# primenumber

## Example 1

Calculate primes using "The Sieve of Eratosthenes".Now we will explain the task.

Primes are products of two numbers. In other words, a prime is divisible only by itself or 1. So, calculating primes by means of "The Sieve of Eratosthenes" is done like this:

We start with a list of candidates containing numbers from 2 to the definite number. 2 is a prime. We remove all even numbers from the list. Now, we will take 3 and remove all the numbers that are products of it. After this, we find the next number from the candidate list. This number is 5, then we remove the fifth numbers from the list, etc. Therefore, when the candidate list is empty, the result list will contain all the primes.

Let's break the problem into two steps. The first step takes advantage of the algorithm, and the second step outputs the results to the screen.

```
str input
uint high i j
print("This program uses \"The Sieve of Eratosthenes\" for finding prime numbers.\n\n")
high = uint( congetstr("Enter the high limit number ( < 100000 ): ", input ))
if high > 100000 : high = 100000
arr sieve[ high + 1 ] of byte
fornum i = 2, high/2 + 1
{
if !sieve[ i ]
{
j = i + i
while j <= high
{
sieve[ j ] = 1
j += i
}
}
}
```

To begin with, a user should enter the number which is defined as the final candidate in the list. We want all primes below 100000 in order to not use a lot of resources.

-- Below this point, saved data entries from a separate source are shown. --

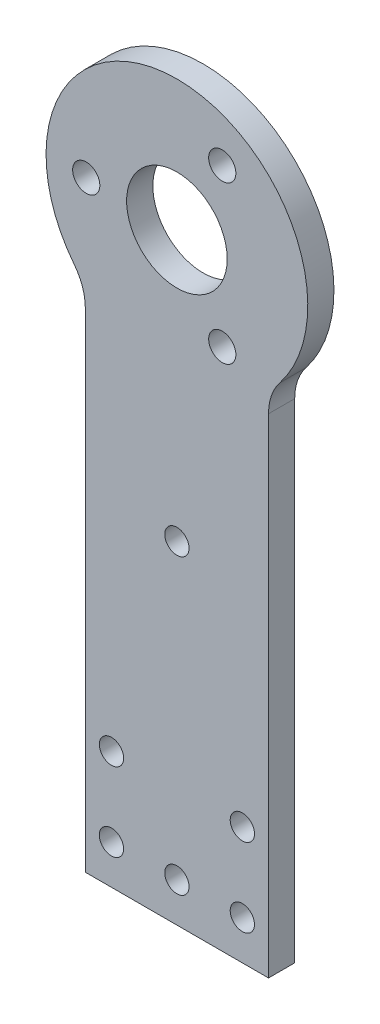
SolidWorks part; units mm, degrees
material "6061-T6 (SS)"
ref_plane "Front Plane" through (0, 0, 0) normal (0, 0, 1) x (1, 0, 0)
ref_plane "Top Plane" through (0, 0, 0) normal (0, 1, 0) x (1, 0, 0)
ref_plane "Right Plane" through (0, 0, 0) normal (1, 0, 0) x (0, 0, -1)
sketch "Sketch1" plane through (0, 0, 0) normal (0, 0, 1) x (1, 0, 0)
  line L0 (-11.1125, -11.337) -> (-11.1125, -73.025)
  line L1 (11.1125, -11.337) -> (11.1125, -73.025)
  line L2 (11.1125, -73.025) -> (-11.1125, -73.025)
  line L3 (0, 0) -> (0, -73.025) construction
  arc A0 (11.1125, -11.337) -> (-11.1125, -11.337) centre (0, 0) ccw
  circle A1 centre (-11, 0) radius 1.65
  circle A2 centre (5.5, 9.5263) radius 1.65
  circle A3 centre (5.5, -9.5263) radius 1.65
  circle A4 centre (0, 0) radius 6.1
  point P15 (0, 0)
  dimension "D1" = 22.225
  dimension "D4" = 15.875
  dimension "D5" = 3.3
  dimension "D7" = 12.2
  dimension "D2" = 73.025
  dimension "D3" = 11
  dimension "D6" = 3
extrude "Boss-Extrude1" add sketch "Sketch1" along normal blind 3.175
hole_wizard "#4 Clearance Hole2" positions "Sketch2" profile "Sketch3" hole size "#4" standard "ANSI Inch"
sketch "Sketch2" plane through (0, 0, 0) normal (0, 0, -1) x (-1, 0, 0)
  line L0 (0, -73.025) -> (0, -65.4664) construction
  line L1 (11.1125, -73.025) -> (-11.1125, -73.025) construction
  point P0 (7.9375, -68.2625)
  point P2 (-7.9375, -68.2625)
  point P4 (-7.9375, -58.7375)
  point P6 (7.9375, -58.7375)
  dimension "D1" = 15.875
  dimension "D2" = 9.525
  dimension "D3" = 4.7625
sketch "Sketch3" plane through (-7.9375, -68.2625, 0) normal (1, 0, 0) x (0, 1, 0)
  line L0 (0, 0) -> (0, 10.7912)
  line L1 (0, 10.7912) -> (1.4732, 9.906)
  line L2 (1.4732, 9.906) -> (1.4732, 0)
  line L5 (1.4732, 0) -> (0, 0)
  line L10 (0, 10.7912) -> (-1.4732, 9.906) construction
  line L11 (0, -6.35) -> (0, 107.95) construction
  dimension "Hole Dia." = 2.9464
  dimension "Hole Depth" = 9.906
  dimension "Drill Angle" = 118
sketch "Sketch4" plane through (0, 0, 0) normal (0, 0, -1) x (-1, 0, 0)
  line L0 (0, -73.025) -> (0, -47.1239) construction
  line L1 (11.1125, -73.025) -> (-11.1125, -73.025) construction
  line L3 (-2.5, -68.525) -> (2.5, -68.525)
  line L4 (-2.5, -68.525) -> (-2.5, -53.525)
  line L5 (-2.5, -53.525) -> (2.5, -53.525)
  line L6 (2.5, -68.525) -> (2.5, -53.525)
  line L7 (-2.5, -68.525) -> (2.5, -53.525) construction
  line L8 (-2.5, -53.525) -> (2.5, -68.525) construction
  point P5 (0, -61.025)
  dimension "D1" = 15
  dimension "D2" = 5
  dimension "D3" = 12
extrude "SERVO-SLOT" [suppressed] cut sketch "Sketch4" against normal up to next
fillet "TOOLING-RADIUS" [suppressed] radius 1.5875
hole_wizard "#4 Clearance Hole1" positions "Sketch5" profile "Sketch6" hole size "#4" standard "ANSI Inch" end condition up to next
sketch "Sketch5" plane through (0, 0, 0) normal (0, 0, -1) x (-1, 0, 0)
  line L0 (11.1125, -73.025) -> (-11.1125, -73.025) construction
  point P0 (0, -68.2625)
  point P2 (0, -32.7025)
  dimension "D1" = 35.56
  dimension "D2" = 4.7625
sketch "Sketch6" plane through (0, -68.2625, 0) normal (1, 0, 0) x (0, 1, 0)
  line L0 (0, 0) -> (0, 3.175)
  line L1 (0, 3.175) -> (1.4732, 3.175)
  line L2 (1.4732, 3.175) -> (1.4732, 0)
  line L5 (1.4732, 0) -> (0, 0)
  line L11 (0, -6.35) -> (0, 107.95) construction
  dimension "Thru Hole Dia." = 2.9464
  dimension "Thru Hole Depth" = 3.175
fillet "Fillet1" radius 6.35 2 edges at (-11.1125, -11.337, 1.5875) (11.1125, -11.337, 1.5875)

`arr sieve[ high + 1 ] of byte`

*sieve* is a description of an array of bytes. And array is a series of objects, all of which are the same size and type. Each object in an array is called an array element. For example, you could have an array of integers or an array of characters or an array of anything that has a defined data type. The important characteristics of an array are that (1) Each element has the same data type (although they may have different values). (2) The entire array is stored contiguously in memory.

The first element in the array is the 0th element, therefore let's set 1 to this number. Actually, arrays and variables are zero-based. So, if an element of the array equals 0, then this based number is not removed. If we remove it, we'll set 1 to this number.

For the **fornum** loop we use only half of the numbers. Why do we do this? Think it over. Then we apply the algorithm. As you can see, it takes up several strings. Let us jump into an example that illustrates how it works:

`j += i`

This is an extension of the *j* variable to *i*. Similar operations are applied for the multiplication, the division, the subtraction.

The numbers has already been removed; let's now jump to the second step.

It is certainly possible that the numbers are output to the screen, nevertheless let's save a file.

```
j = 0
input.setlen( 0 )
fornum i = 2, high + 1
{
if !sieve[ i ]
{
input.out4( "%8u", i )
if ++j == 10
{
j = 0
input += "\l"
}
}
}
input.write( "prime.txt" )
shell( "prime.txt" )
```

To find out more about the **out4** method, read the documentation. In this case each number is extended to eight symbols by spaces. Furthermore, after outputting each tenth number we start a new line. The *j* variable performs it.

A combination of carriage return **'\r'** and newline **'\n'** is used for line feed in text files. In Gentee there's only **'\l'** command which executes it.

The **write** method writes the string to the file, and the function **shell** opens this specified file in the appropriate application.